Dataset extract below:

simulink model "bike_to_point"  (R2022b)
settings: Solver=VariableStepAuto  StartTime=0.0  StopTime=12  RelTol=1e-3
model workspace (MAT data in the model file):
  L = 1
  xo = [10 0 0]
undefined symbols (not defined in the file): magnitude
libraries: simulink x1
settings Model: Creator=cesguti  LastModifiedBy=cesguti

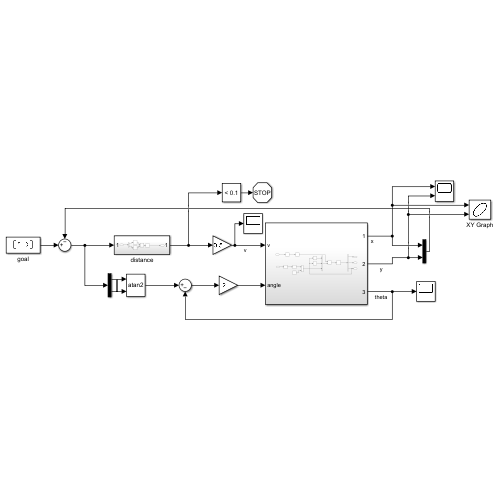
[thumbnail: Simulink's stored preview of the top-level diagram]
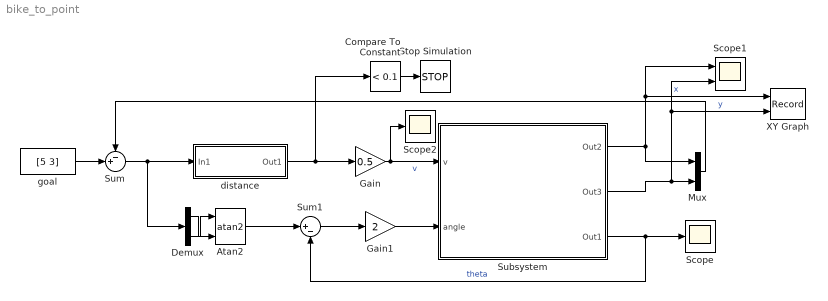
== system bike_to_point ==
  Atan2 : Trigonometry  Operator=atan2
  Compare To Constant : simulink/Logic and Bit Operations/Compare To Constant  relop=<  const=0.1  OutDataTypeStr=boolean
  Demux : Demux  Outputs=2
  Gain : Gain  Gain=0.5
  Gain1 : Gain  Gain=2
  Mux : Mux  Inputs=2
  Scope : Scope
  Scope1 : Scope  NumInputPorts=2
  Scope2 : Scope
  Stop Simulation : Stop
  Subsystem : Subsystem
  Sum : Sum  Inputs=-+|
  Sum1 : Sum  Inputs=|+-
  XY Graph : Record  FileSettingsInternal="{\"entries\":[{\"content\":{\"excelSettings\":{\"content\":{},\"type\":\"Streamout.ExcelSettings\"}},\"type\":\"Streamout.FileSettingStorage\",\"uuid\":\"2cee2774-39ed-4ba8-beb7-37b5c0c4969f\"}],\"packageUris\":[\"http://schema.mathworks.com/mf0/streamout_blocks/R2020a\"],\"version\":\"1.0\"}"  Layout=[1 1]  SignalsInternal="{\"entries\":[{\"content\":{\"signals\":[{\"content\":{\"blockPath\":[\"bike_to_point/XY Graph\"],\"channel\":[],\"dimensions\":[1],\"domain\":\"bike_to_point/XY Graph\",\"lineColor\":\"#a2142f\",\"plots\":[1],\"port\":1,\"sid\":[\"\"],\"signalID\":1385,\"signalName\":\"x\"},\"type\":\"RecordBlkView.Signal\",\"uuid\":\"0fc629dc-b9e7-4b5b-8602-d589ff0061e5\"},{\"content\":{\"blockPath\":[\"bike_to_point/XY Graph\"],\"channel\":[],\"dimensions\":[1],\"domain\":\"bike_to_point/XY Graph\",\"lineColor\":\"#139fff\",\"plots\":[1],\"port\":2,\"sid\":[\"\"],\"signalID\":1389,\"signalName\":\"y\"},\"type\":\"RecordBlkView.Signal\",\"uuid\":\"ae6432e5-62e4-4c00-ab71-a2109088d13c\"}]},\"type\":\"RecordBlkView.InputSignals\",\"uuid\":\"7930c1ef-6bfe-4257-ad38-cffde8761aad\"}],\"packageUris\":[\"http://schema.mathworks.com/mf0/streamout_blocks/R2020a\"],\"version\":\"1.0\"}"  VisualizationBindings="{\"xyplotplugin\":{\"info\":[{\"series\":[{\"bindingParametersList\":[{\"parameter\":\"X-Axis\",\"signalID\":1385,\"signalName\":\"x\"},{\"parameter\":\"Y-Axis\",\"signalID\":1389,\"signalName\":\"y\"}],\"seriesID\":18119}],\"subplotID\":1}]}}"  CompatibilityTag=XY
  distance : Subsystem
  goal : Constant  Value=[5 3]
  wires:
  Gain/1 -> Scope2/1, Subsystem/1(v)  "v"
  Sum/1 -> Demux/1, distance/1(In1)
  distance/1(Out1) -> Compare To Constant/1, Gain/1
  Gain1/1 -> Subsystem/2(angle)
  Sum1/1 -> Gain1/1
  Subsystem/1(Out2) -> XY Graph/1, Scope1/1, Mux/1  "x"
  Subsystem/2(Out3) -> XY Graph/2, Scope1/2, Mux/2  "y"
  Mux/1 -> Sum/1
  goal/1 -> Sum/2
  Atan2/1 -> Sum1/1
  Subsystem/3(Out1) -> Scope/1, Sum1/2  "theta"
  Compare To Constant/1 -> Stop Simulation/1
  Demux/1 -> Atan2/2
  Demux/2 -> Atan2/1

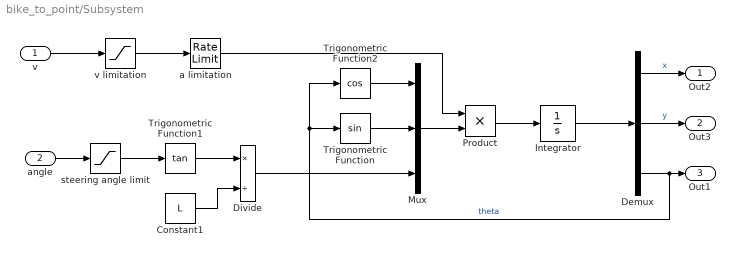
== system bike_to_point/Subsystem ==
  v : Inport
  angle : Inport  Port=2
  Constant1 : Constant  Value=L
  Demux : Demux  Outputs=3
  Divide : Product  Inputs=*/
  Integrator : Integrator  InitialCondition=xo
  Mux : Mux  Inputs=3
  Product : Product
  Trigonometric Function : Trigonometry
  Trigonometric Function1 : Trigonometry  Operator=tan
  Trigonometric Function2 : Trigonometry  Operator=cos
  a limitation : RateLimiter  SampleTimeMode=inherited
  steering angle limit : Saturate  UpperLimit=deg2rad(60)  LowerLimit=deg2rad(-60)
  v limitation : Saturate  UpperLimit=1  LowerLimit=0
  Out2 : Outport
  Out3 : Outport  Port=2
  Out1 : Outport  Port=3
  wires:
  steering angle limit/1 -> Trigonometric Function1/1
  Product/1 -> Integrator/1
  Divide/1 -> Mux/3
  Trigonometric Function/1 -> Mux/2
  v/1 -> v limitation/1
  Constant1/1 -> Divide/2
  Mux/1 -> Product/2
  Trigonometric Function1/1 -> Divide/1
  Trigonometric Function2/1 -> Mux/1
  v limitation/1 -> a limitation/1
  Integrator/1 -> Demux/1
  angle/1 -> steering angle limit/1
  Demux/3 -> Out1/1, Trigonometric Function/1, Trigonometric Function2/1  "theta"
  a limitation/1 -> Product/1
  Demux/1 -> Out2/1  "x"
  Demux/2 -> Out3/1  "y"

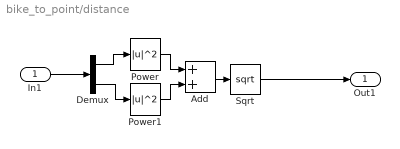
== system bike_to_point/distance ==
  In1 : Inport
  Add : Sum
  Demux : Demux  Outputs=2
  Power : Math  Operator=magnitude^2
  Power1 : Math  Operator=magnitude^2
  Sqrt : Sqrt
  Out1 : Outport
  wires:
  In1/1 -> Demux/1
  Sqrt/1 -> Out1/1
  Demux/1 -> Power/1
  Power1/1 -> Add/2
  Demux/2 -> Power1/1
  Add/1 -> Sqrt/1
  Power/1 -> Add/1
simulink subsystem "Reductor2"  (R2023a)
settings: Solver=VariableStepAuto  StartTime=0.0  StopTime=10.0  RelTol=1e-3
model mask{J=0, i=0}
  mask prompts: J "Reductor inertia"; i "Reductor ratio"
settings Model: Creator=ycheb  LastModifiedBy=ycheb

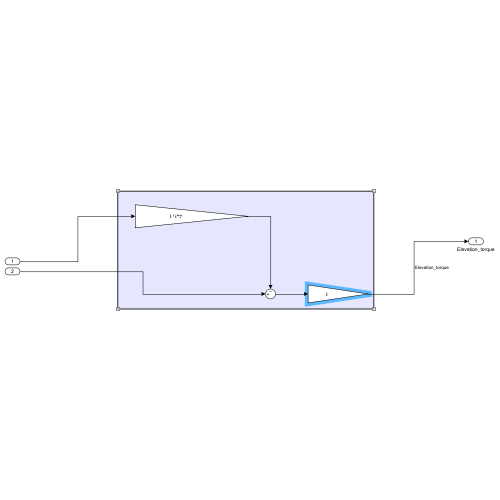
[thumbnail: Simulink's stored preview of the top-level diagram]
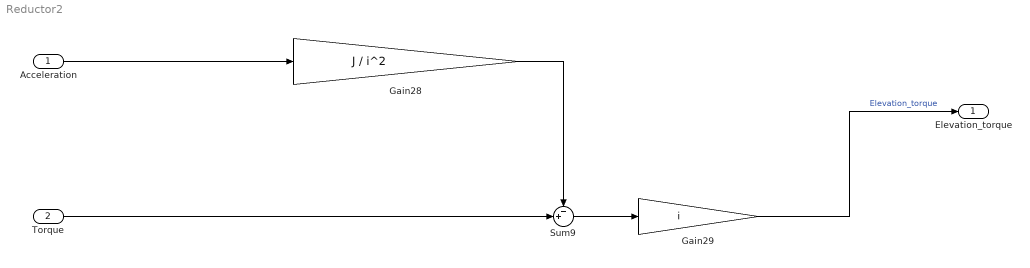
== system Reductor2 ==
  Acceleration : Inport
  Torque : Inport  Port=2
  Gain28 : Gain  Gain=J / i^2
  Gain29 : Gain  Gain=i
  Sum9 : Sum  Inputs=-+|
  Elevation_torque : Outport
  wires:
  Gain28/1 -> Sum9/1
  Gain29/1 -> Elevation_torque/1  "Elevation_torque"
  Torque/1 -> Sum9/2
  Acceleration/1 -> Gain28/1
  Sum9/1 -> Gain29/1

End of Dataset extract.

▶ [Task directions] Before you print the records, please set aside any pictures and keep everything else exact.

▶ [Solved exercise]
simulink model "bike_to_point"  (R2022b)
settings: Solver=VariableStepAuto  StartTime=0.0  StopTime=12  RelTol=1e-3
model workspace (MAT data in the model file):
  L = 1
  xo = [10 0 0]
undefined symbols (not defined in the file): magnitude
libraries: simulink x1
settings Model: Creator=cesguti  LastModifiedBy=cesguti

[thumbnail: Simulink's stored preview of the top-level diagram]
== system bike_to_point ==
  Atan2 : Trigonometry  Operator=atan2
  Compare To Constant : simulink/Logic and Bit Operations/Compare To Constant  relop=<  const=0.1  OutDataTypeStr=boolean
  Demux : Demux  Outputs=2
  Gain : Gain  Gain=0.5
  Gain1 : Gain  Gain=2
  Mux : Mux  Inputs=2
  Scope : Scope
  Scope1 : Scope  NumInputPorts=2
  Scope2 : Scope
  Stop Simulation : Stop
  Subsystem : Subsystem
  Sum : Sum  Inputs=-+|
  Sum1 : Sum  Inputs=|+-
  XY Graph : Record  FileSettingsInternal="{\"entries\":[{\"content\":{\"excelSettings\":{\"content\":{},\"type\":\"Streamout.ExcelSettings\"}},\"type\":\"Streamout.FileSettingStorage\",\"uuid\":\"2cee2774-39ed-4ba8-beb7-37b5c0c4969f\"}],\"packageUris\":[\"http://schema.mathworks.com/mf0/streamout_blocks/R2020a\"],\"version\":\"1.0\"}"  Layout=[1 1]  SignalsInternal="{\"entries\":[{\"content\":{\"signals\":[{\"content\":{\"blockPath\":[\"bike_to_point/XY Graph\"],\"channel\":[],\"dimensions\":[1],\"domain\":\"bike_to_point/XY Graph\",\"lineColor\":\"#a2142f\",\"plots\":[1],\"port\":1,\"sid\":[\"\"],\"signalID\":1385,\"signalName\":\"x\"},\"type\":\"RecordBlkView.Signal\",\"uuid\":\"0fc629dc-b9e7-4b5b-8602-d589ff0061e5\"},{\"content\":{\"blockPath\":[\"bike_to_point/XY Graph\"],\"channel\":[],\"dimensions\":[1],\"domain\":\"bike_to_point/XY Graph\",\"lineColor\":\"#139fff\",\"plots\":[1],\"port\":2,\"sid\":[\"\"],\"signalID\":1389,\"signalName\":\"y\"},\"type\":\"RecordBlkView.Signal\",\"uuid\":\"ae6432e5-62e4-4c00-ab71-a2109088d13c\"}]},\"type\":\"RecordBlkView.InputSignals\",\"uuid\":\"7930c1ef-6bfe-4257-ad38-cffde8761aad\"}],\"packageUris\":[\"http://schema.mathworks.com/mf0/streamout_blocks/R2020a\"],\"version\":\"1.0\"}"  VisualizationBindings="{\"xyplotplugin\":{\"info\":[{\"series\":[{\"bindingParametersList\":[{\"parameter\":\"X-Axis\",\"signalID\":1385,\"signalName\":\"x\"},{\"parameter\":\"Y-Axis\",\"signalID\":1389,\"signalName\":\"y\"}],\"seriesID\":18119}],\"subplotID\":1}]}}"  CompatibilityTag=XY
  distance : Subsystem
  goal : Constant  Value=[5 3]
  wires:
  Gain/1 -> Scope2/1, Subsystem/1(v)  "v"
  Sum/1 -> Demux/1, distance/1(In1)
  distance/1(Out1) -> Compare To Constant/1, Gain/1
  Gain1/1 -> Subsystem/2(angle)
  Sum1/1 -> Gain1/1
  Subsystem/1(Out2) -> XY Graph/1, Scope1/1, Mux/1  "x"
  Subsystem/2(Out3) -> XY Graph/2, Scope1/2, Mux/2  "y"
  Mux/1 -> Sum/1
  goal/1 -> Sum/2
  Atan2/1 -> Sum1/1
  Subsystem/3(Out1) -> Scope/1, Sum1/2  "theta"
  Compare To Constant/1 -> Stop Simulation/1
  Demux/1 -> Atan2/2
  Demux/2 -> Atan2/1

== system bike_to_point/Subsystem ==
  v : Inport
  angle : Inport  Port=2
  Constant1 : Constant  Value=L
  Demux : Demux  Outputs=3
  Divide : Product  Inputs=*/
  Integrator : Integrator  InitialCondition=xo
  Mux : Mux  Inputs=3
  Product : Product
  Trigonometric Function : Trigonometry
  Trigonometric Function1 : Trigonometry  Operator=tan
  Trigonometric Function2 : Trigonometry  Operator=cos
  a limitation : RateLimiter  SampleTimeMode=inherited
  steering angle limit : Saturate  UpperLimit=deg2rad(60)  LowerLimit=deg2rad(-60)
  v limitation : Saturate  UpperLimit=1  LowerLimit=0
  Out2 : Outport
  Out3 : Outport  Port=2
  Out1 : Outport  Port=3
  wires:
  steering angle limit/1 -> Trigonometric Function1/1
  Product/1 -> Integrator/1
  Divide/1 -> Mux/3
  Trigonometric Function/1 -> Mux/2
  v/1 -> v limitation/1
  Constant1/1 -> Divide/2
  Mux/1 -> Product/2
  Trigonometric Function1/1 -> Divide/1
  Trigonometric Function2/1 -> Mux/1
  v limitation/1 -> a limitation/1
  Integrator/1 -> Demux/1
  angle/1 -> steering angle limit/1
  Demux/3 -> Out1/1, Trigonometric Function/1, Trigonometric Function2/1  "theta"
  a limitation/1 -> Product/1
  Demux/1 -> Out2/1  "x"
  Demux/2 -> Out3/1  "y"

== system bike_to_point/distance ==
  In1 : Inport
  Add : Sum
  Demux : Demux  Outputs=2
  Power : Math  Operator=magnitude^2
  Power1 : Math  Operator=magnitude^2
  Sqrt : Sqrt
  Out1 : Outport
  wires:
  In1/1 -> Demux/1
  Sqrt/1 -> Out1/1
  Demux/1 -> Power/1
  Power1/1 -> Add/2
  Demux/2 -> Power1/1
  Add/1 -> Sqrt/1
  Power/1 -> Add/1
simulink subsystem "Reductor2"  (R2023a)
settings: Solver=VariableStepAuto  StartTime=0.0  StopTime=10.0  RelTol=1e-3
model mask{J=0, i=0}
  mask prompts: J "Reductor inertia"; i "Reductor ratio"
settings Model: Creator=ycheb  LastModifiedBy=ycheb

[thumbnail: Simulink's stored preview of the top-level diagram]
== system Reductor2 ==
  Acceleration : Inport
  Torque : Inport  Port=2
  Gain28 : Gain  Gain=J / i^2
  Gain29 : Gain  Gain=i
  Sum9 : Sum  Inputs=-+|
  Elevation_torque : Outport
  wires:
  Gain28/1 -> Sum9/1
  Gain29/1 -> Elevation_torque/1  "Elevation_torque"
  Torque/1 -> Sum9/2
  Acceleration/1 -> Gain28/1
  Sum9/1 -> Gain29/1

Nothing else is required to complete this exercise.